Au total, que ce soit du côté de l'évolution des dépenses ou de celui de la progression des recettes, la trajectoire financière des administrations de sécurité sociale (ASSO) paraît fragile , ce qui pourrait compromettre le recul du déficit de ces dernières de 0,5 % à 0,3 % du PIB entre 2014 et 2015 et, plus largement, la consolidation des finances publiques projetée par le Gouvernement.
* 74 Cour des comptes, La situation et les perspectives des finances publiques , juin 2014, p. 124.

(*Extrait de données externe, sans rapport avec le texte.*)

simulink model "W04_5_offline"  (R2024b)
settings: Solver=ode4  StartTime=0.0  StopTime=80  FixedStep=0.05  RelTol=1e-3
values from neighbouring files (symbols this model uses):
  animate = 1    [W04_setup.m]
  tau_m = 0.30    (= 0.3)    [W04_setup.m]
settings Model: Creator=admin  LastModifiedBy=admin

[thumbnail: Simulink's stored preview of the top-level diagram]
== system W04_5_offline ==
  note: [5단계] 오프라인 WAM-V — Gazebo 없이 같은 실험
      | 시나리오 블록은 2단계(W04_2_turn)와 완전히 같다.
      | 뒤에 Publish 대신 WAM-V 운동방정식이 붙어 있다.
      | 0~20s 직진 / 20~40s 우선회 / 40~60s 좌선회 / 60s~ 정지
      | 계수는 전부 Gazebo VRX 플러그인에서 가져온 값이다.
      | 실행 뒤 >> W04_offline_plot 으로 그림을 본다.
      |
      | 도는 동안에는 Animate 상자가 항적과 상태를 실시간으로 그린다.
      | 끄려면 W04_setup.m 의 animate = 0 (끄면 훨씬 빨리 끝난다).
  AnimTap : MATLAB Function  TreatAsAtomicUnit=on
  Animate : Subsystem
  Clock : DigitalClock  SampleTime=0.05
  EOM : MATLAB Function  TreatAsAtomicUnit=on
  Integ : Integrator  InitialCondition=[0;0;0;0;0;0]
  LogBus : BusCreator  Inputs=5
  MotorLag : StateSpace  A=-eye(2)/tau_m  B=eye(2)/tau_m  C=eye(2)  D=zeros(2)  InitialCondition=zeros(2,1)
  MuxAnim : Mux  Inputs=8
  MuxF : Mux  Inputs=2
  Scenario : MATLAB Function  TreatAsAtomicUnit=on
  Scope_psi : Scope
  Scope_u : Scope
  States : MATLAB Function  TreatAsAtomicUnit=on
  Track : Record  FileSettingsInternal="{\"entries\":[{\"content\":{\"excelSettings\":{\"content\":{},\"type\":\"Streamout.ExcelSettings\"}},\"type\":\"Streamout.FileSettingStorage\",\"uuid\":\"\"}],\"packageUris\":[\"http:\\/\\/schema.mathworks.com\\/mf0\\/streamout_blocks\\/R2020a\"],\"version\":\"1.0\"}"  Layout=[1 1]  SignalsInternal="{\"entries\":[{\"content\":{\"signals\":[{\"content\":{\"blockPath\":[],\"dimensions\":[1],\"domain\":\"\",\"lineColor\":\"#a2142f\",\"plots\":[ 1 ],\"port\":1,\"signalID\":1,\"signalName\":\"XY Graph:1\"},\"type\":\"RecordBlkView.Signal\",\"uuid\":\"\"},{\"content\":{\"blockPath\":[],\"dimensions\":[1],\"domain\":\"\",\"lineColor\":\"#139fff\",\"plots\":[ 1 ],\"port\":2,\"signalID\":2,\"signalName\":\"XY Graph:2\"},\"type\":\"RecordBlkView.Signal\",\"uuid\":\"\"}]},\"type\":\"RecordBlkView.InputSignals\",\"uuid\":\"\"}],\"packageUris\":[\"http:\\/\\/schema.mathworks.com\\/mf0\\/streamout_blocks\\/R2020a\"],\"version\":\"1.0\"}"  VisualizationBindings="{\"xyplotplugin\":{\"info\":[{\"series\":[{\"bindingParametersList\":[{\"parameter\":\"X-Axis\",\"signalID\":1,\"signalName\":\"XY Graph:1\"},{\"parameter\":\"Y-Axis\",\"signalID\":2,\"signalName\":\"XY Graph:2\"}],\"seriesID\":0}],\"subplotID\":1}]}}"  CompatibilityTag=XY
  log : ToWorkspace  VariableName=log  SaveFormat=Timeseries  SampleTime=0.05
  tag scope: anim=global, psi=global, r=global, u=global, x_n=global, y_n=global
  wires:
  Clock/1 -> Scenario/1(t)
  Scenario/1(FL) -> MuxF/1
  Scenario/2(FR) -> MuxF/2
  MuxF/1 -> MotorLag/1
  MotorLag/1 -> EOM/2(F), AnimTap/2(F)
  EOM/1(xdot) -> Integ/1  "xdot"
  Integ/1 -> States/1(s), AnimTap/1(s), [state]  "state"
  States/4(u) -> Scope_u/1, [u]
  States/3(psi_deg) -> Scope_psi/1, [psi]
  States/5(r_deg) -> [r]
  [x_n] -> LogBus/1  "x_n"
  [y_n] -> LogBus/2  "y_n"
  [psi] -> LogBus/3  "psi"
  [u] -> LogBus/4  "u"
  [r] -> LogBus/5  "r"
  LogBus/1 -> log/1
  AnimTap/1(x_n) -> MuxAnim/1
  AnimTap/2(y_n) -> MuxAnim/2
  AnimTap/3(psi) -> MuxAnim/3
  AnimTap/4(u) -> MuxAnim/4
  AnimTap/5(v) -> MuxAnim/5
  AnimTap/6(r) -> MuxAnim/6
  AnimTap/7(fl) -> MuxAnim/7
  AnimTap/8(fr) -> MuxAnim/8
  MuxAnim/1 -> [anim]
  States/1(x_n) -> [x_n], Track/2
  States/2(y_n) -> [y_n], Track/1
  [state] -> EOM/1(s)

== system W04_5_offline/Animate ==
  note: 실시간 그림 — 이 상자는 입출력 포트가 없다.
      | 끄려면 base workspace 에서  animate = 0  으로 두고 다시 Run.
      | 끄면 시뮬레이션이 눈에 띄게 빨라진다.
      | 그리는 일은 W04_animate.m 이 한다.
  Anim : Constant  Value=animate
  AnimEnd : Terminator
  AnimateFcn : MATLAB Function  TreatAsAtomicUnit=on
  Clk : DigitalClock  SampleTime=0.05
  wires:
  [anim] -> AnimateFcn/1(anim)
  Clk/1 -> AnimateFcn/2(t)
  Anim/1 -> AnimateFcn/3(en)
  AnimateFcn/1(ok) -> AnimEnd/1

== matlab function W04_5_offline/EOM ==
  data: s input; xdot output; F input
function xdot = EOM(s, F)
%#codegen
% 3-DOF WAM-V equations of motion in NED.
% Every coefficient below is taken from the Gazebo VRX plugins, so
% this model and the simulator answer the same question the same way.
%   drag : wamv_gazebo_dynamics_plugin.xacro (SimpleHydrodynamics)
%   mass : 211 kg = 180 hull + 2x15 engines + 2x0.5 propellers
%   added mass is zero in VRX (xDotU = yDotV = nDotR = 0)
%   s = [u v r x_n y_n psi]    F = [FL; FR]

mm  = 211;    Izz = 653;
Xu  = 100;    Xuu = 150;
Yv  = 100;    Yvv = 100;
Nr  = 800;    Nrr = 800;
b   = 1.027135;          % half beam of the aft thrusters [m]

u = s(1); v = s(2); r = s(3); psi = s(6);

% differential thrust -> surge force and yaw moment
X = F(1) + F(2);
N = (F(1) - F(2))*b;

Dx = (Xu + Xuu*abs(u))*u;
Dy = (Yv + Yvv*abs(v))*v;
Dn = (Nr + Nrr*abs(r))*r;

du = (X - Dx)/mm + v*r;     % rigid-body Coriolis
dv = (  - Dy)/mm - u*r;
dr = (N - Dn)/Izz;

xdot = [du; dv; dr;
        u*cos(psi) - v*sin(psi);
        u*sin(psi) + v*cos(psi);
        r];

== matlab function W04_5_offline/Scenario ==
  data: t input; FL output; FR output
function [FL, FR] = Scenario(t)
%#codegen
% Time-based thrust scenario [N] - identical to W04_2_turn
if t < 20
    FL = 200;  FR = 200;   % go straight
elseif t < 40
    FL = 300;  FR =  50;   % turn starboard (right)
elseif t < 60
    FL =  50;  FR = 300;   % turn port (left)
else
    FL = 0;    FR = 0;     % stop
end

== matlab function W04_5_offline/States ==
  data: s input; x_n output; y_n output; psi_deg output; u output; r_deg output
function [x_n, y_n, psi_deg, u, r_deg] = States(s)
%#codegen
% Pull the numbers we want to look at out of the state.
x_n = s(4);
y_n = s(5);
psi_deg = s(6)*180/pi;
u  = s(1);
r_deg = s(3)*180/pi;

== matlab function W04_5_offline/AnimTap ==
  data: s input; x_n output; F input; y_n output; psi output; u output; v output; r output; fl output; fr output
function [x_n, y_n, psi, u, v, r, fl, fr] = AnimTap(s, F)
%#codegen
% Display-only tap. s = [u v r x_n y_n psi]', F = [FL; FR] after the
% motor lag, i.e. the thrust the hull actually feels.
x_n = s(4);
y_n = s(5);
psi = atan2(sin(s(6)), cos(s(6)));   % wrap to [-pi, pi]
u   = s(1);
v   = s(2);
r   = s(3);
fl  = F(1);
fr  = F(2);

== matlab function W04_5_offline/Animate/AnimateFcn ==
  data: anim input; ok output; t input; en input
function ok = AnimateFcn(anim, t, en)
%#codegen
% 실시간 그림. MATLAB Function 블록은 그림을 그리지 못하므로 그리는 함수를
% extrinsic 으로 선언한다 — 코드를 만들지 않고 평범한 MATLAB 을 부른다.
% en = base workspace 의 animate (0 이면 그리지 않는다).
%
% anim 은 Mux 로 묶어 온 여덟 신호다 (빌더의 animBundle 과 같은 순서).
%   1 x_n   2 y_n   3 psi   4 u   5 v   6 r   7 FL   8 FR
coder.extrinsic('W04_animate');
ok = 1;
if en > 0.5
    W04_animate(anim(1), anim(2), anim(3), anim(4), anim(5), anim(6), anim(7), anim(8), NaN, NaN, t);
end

* 75 Alors qu'il était prévu que la dépense publique évolue de 0,2 % en volume par an en moyenne entre 2015 et 2017 dans le rapport économique, social et financier (RESF) annexé au projet de loi de finances pour 2014, la prévision de progression en volume a été ramenée à un niveau légèrement inférieur à 0,1 % par an en moyenne sur la même période dans le programme de stabilité 2014-2017.
* 76 Commission européenne, op. cit. , novembre 2014, p. 77 [traduction de la commission des finances du Sénat].
* 77 Il est également indiqué qu'« au sein de chaque catégorie de collectivités, cet effort sera réparti au prorata des recettes réelles de fonctionnement pour le bloc communal, de façon "péréquée" pour les départements et au prorata des recettes totales pour les régions ».
* 78 Cf. rapport n° 55 (2014-2015), op. cit. , p. 60-65.
* 79 Cf. avis du Haut Conseil des finances publiques n° HCFP-2014-05 du 26 septembre 2014, op. cit.
* 80 Cf. compte rendu intégral de la première séance de l'Assemblée nationale du 21 octobre 2014.
* 81 Cf. avis n° 84 (2014-2015) sur le projet de loi de financement de la sécurité sociale pour 2015 fait par Francis Delattre au nom de la commission des finances du Sénat.
* 82 Ibid. , p. 22.
* 83 Les mesures du Pacte de responsabilité et de solidarité et leurs effets au cours de la période 2015-2017 sont précisés dans le rapport de la commission des finances sur le projet de loi de programmation des finances publiques pour les années 2014 à 2019
* 84 La perte de recettes pour la sécurité sociale de la mise en oeuvre du Pacte de responsabilité et de solidarité est compensée par des recettes supplémentaires et par de moindres dépenses, liées à la re-budgétisation de l'aide personnalisée au logement (APL), pour un montant de 4,8 milliards d'euros.